MATERIAL SUPPLIED START

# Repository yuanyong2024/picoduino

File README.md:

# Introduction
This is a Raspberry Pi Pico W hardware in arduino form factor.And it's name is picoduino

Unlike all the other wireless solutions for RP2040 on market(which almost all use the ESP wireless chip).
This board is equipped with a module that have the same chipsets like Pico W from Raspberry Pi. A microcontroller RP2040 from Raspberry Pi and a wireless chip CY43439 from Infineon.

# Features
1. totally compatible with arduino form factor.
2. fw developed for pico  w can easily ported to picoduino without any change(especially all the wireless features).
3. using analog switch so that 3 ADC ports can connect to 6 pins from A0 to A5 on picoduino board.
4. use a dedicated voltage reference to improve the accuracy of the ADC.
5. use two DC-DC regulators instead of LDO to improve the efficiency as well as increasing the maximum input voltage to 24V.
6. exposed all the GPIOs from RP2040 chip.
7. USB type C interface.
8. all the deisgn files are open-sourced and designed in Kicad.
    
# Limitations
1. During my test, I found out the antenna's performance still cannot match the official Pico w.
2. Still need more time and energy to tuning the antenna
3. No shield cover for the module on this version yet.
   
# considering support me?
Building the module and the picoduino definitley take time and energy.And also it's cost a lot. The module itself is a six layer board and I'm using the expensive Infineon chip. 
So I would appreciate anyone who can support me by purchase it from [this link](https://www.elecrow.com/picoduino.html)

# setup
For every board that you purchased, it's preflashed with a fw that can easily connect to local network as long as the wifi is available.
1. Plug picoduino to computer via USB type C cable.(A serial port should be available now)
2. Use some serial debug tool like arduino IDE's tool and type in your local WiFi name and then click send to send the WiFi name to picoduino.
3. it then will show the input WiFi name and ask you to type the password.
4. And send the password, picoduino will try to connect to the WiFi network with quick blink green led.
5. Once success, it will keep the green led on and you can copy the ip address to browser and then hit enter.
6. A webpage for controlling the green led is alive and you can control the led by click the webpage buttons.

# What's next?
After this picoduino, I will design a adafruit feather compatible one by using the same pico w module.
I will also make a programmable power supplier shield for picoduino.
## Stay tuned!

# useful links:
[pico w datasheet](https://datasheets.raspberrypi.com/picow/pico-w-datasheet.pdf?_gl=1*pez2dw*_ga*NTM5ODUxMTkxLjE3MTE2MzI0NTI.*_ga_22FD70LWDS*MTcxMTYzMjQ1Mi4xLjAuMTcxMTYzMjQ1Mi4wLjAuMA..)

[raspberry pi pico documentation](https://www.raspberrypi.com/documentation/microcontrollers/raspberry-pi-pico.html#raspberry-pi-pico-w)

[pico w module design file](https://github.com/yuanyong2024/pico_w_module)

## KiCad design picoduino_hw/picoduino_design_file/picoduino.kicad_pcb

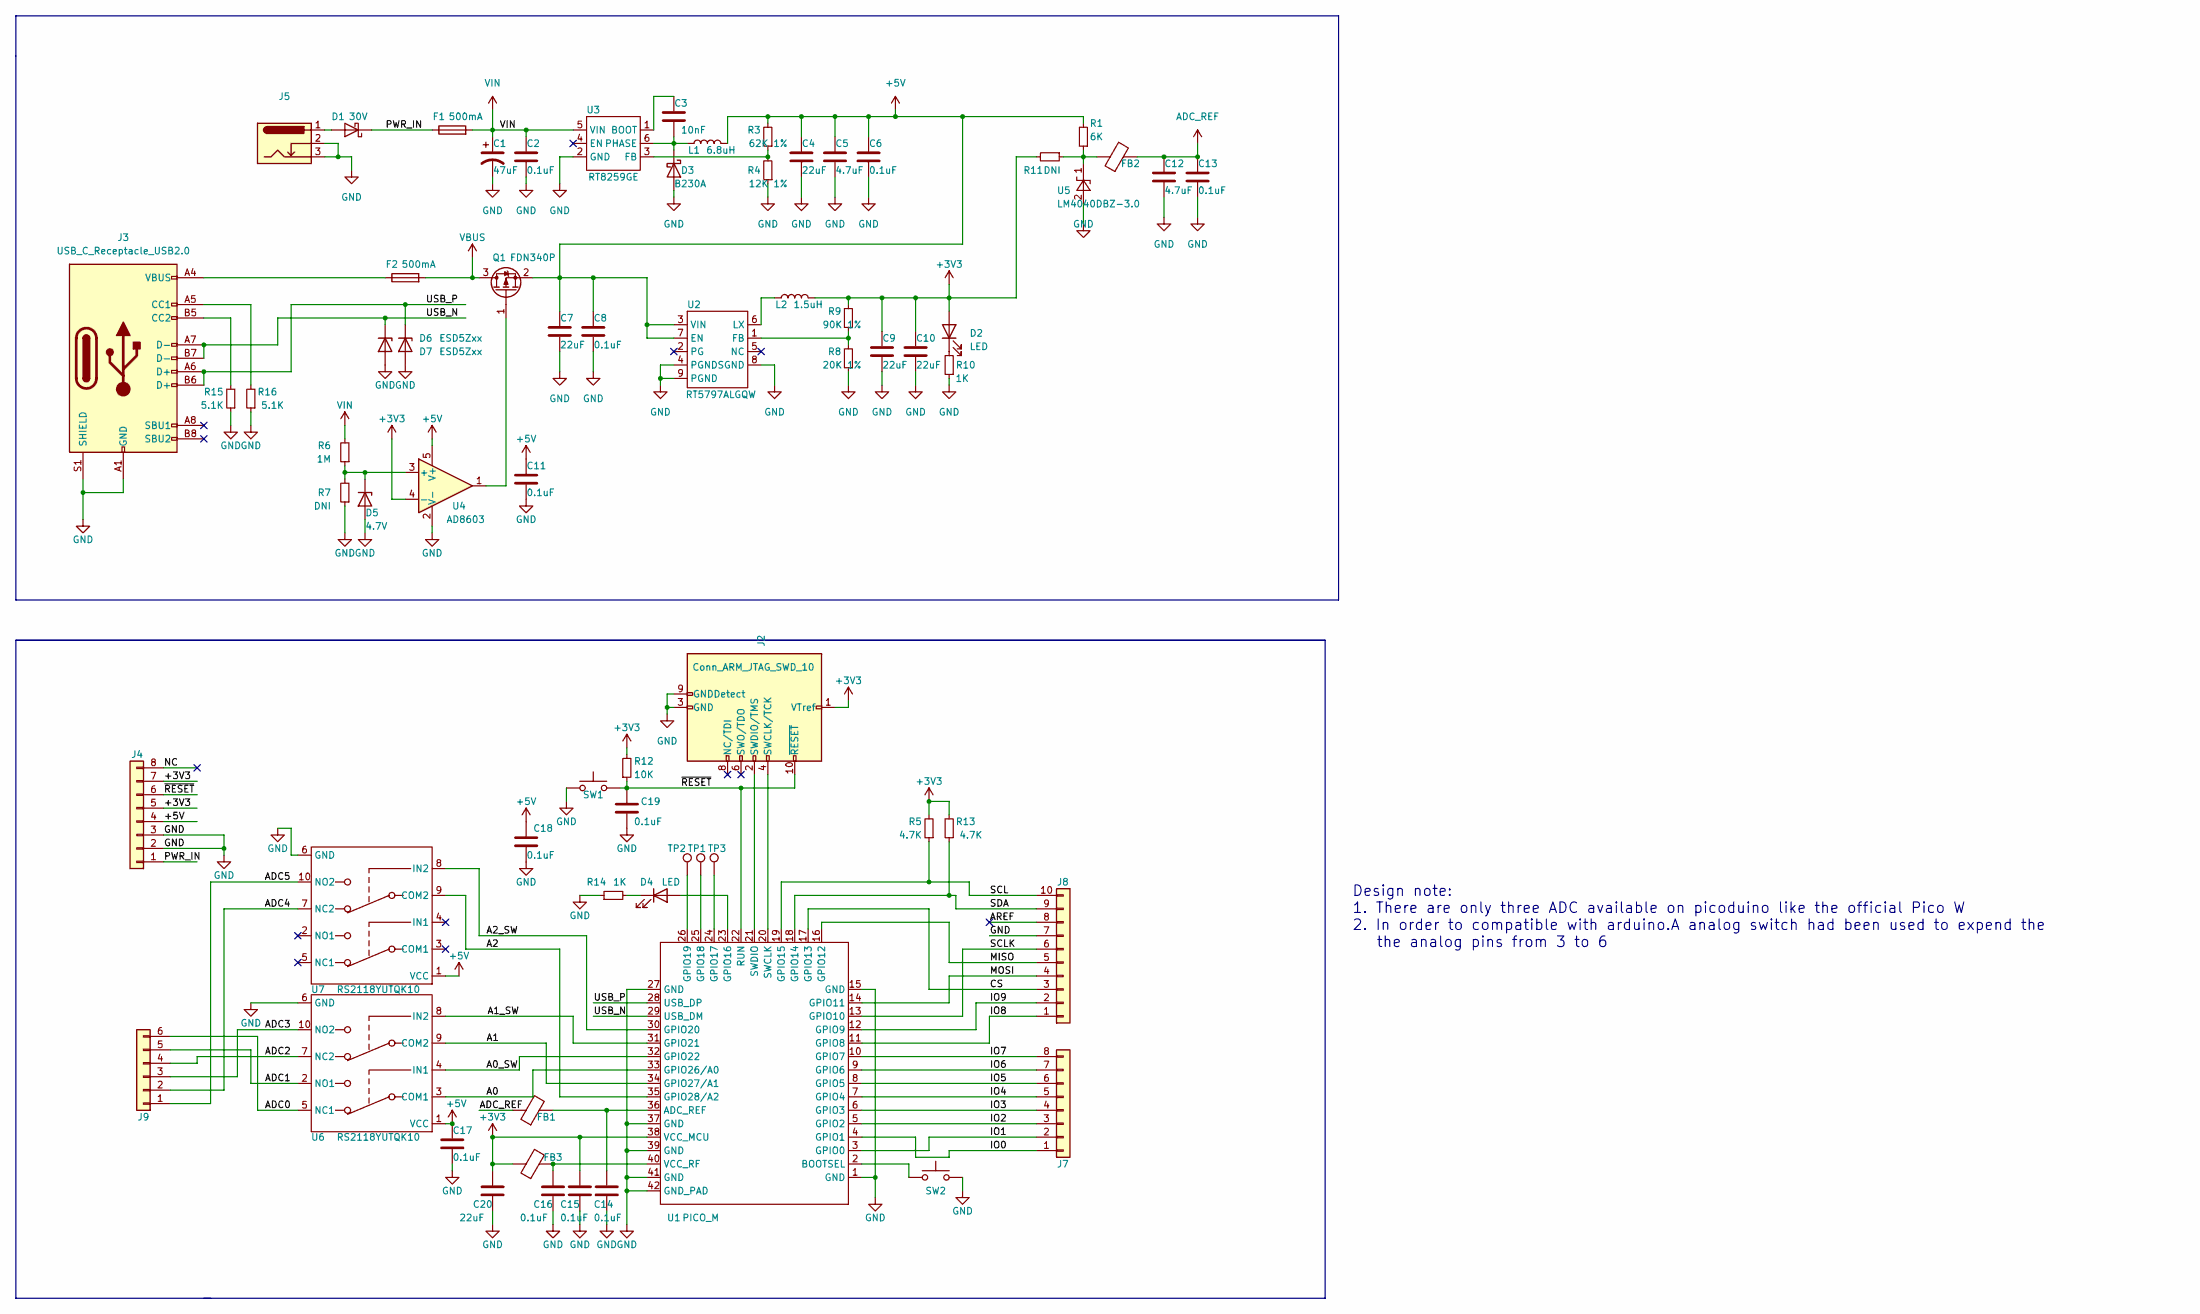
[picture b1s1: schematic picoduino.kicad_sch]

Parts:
C1: 47uF; CP_Elec_4x3
C2, C6, C8, C11, C13, C14, C15, C16, C17, C18, C19: 0.1uF; C_0603_1608Metric
C3: 10nF; C_0603_1608Metric
C4, C7, C9, C10, C20: 22uF; C_0603_1608Metric
C5, C12: 4.7uF; C_0603_1608Metric
D1: 30V; D_SMA
D2, D4: LED; LED_0603_1608Metric
D3: B230A; D_SOD-123F
D5: 4.7V; D_SOD-123F
D6, D7: ESD5Zxx; D_SOD-523
F1: 500mA; Fuse_1206_3216Metric
F2: 500mA; Fuse_0805_2012Metric
FB1, FB2, FB3: FerriteBead; L_0603_1608Metric
J2: Conn_ARM_JTAG_SWD_10; PinHeader_2x05_P1.27mm_Vertical_SMD
J3: USB_C_Receptacle_USB2.0; USB_C_Receptacle_HRO_TYPE-C-31-M-12
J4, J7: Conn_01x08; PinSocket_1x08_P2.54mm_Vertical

MATERIAL SUPPLIED END

> TASK PROMPT
Would you output only the span of the records above that opens with the line containing "4. And send" and closes with the line containing "D2, D4: LED; LED_0603_1608Metric", ends included and pictures dropped?

> OUTPUT FOR THIS EXERCISE
4. And send the password, picoduino will try to connect to the WiFi network with quick blink green led.
5. Once success, it will keep the green led on and you can copy the ip address to browser and then hit enter.
6. A webpage for controlling the green led is alive and you can control the led by click the webpage buttons.

# What's next?
After this picoduino, I will design a adafruit feather compatible one by using the same pico w module.
I will also make a programmable power supplier shield for picoduino.
## Stay tuned!

# useful links:
[pico w datasheet](https://datasheets.raspberrypi.com/picow/pico-w-datasheet.pdf?_gl=1*pez2dw*_ga*NTM5ODUxMTkxLjE3MTE2MzI0NTI.*_ga_22FD70LWDS*MTcxMTYzMjQ1Mi4xLjAuMTcxMTYzMjQ1Mi4wLjAuMA..)

[raspberry pi pico documentation](https://www.raspberrypi.com/documentation/microcontrollers/raspberry-pi-pico.html#raspberry-pi-pico-w)

[pico w module design file](https://github.com/yuanyong2024/pico_w_module)

## KiCad design picoduino_hw/picoduino_design_file/picoduino.kicad_pcb

[picture b1s1: schematic picoduino.kicad_sch]

Parts:
C1: 47uF; CP_Elec_4x3
C2, C6, C8, C11, C13, C14, C15, C16, C17, C18, C19: 0.1uF; C_0603_1608Metric
C3: 10nF; C_0603_1608Metric
C4, C7, C9, C10, C20: 22uF; C_0603_1608Metric
C5, C12: 4.7uF; C_0603_1608Metric
D1: 30V; D_SMA
D2, D4: LED; LED_0603_1608Metric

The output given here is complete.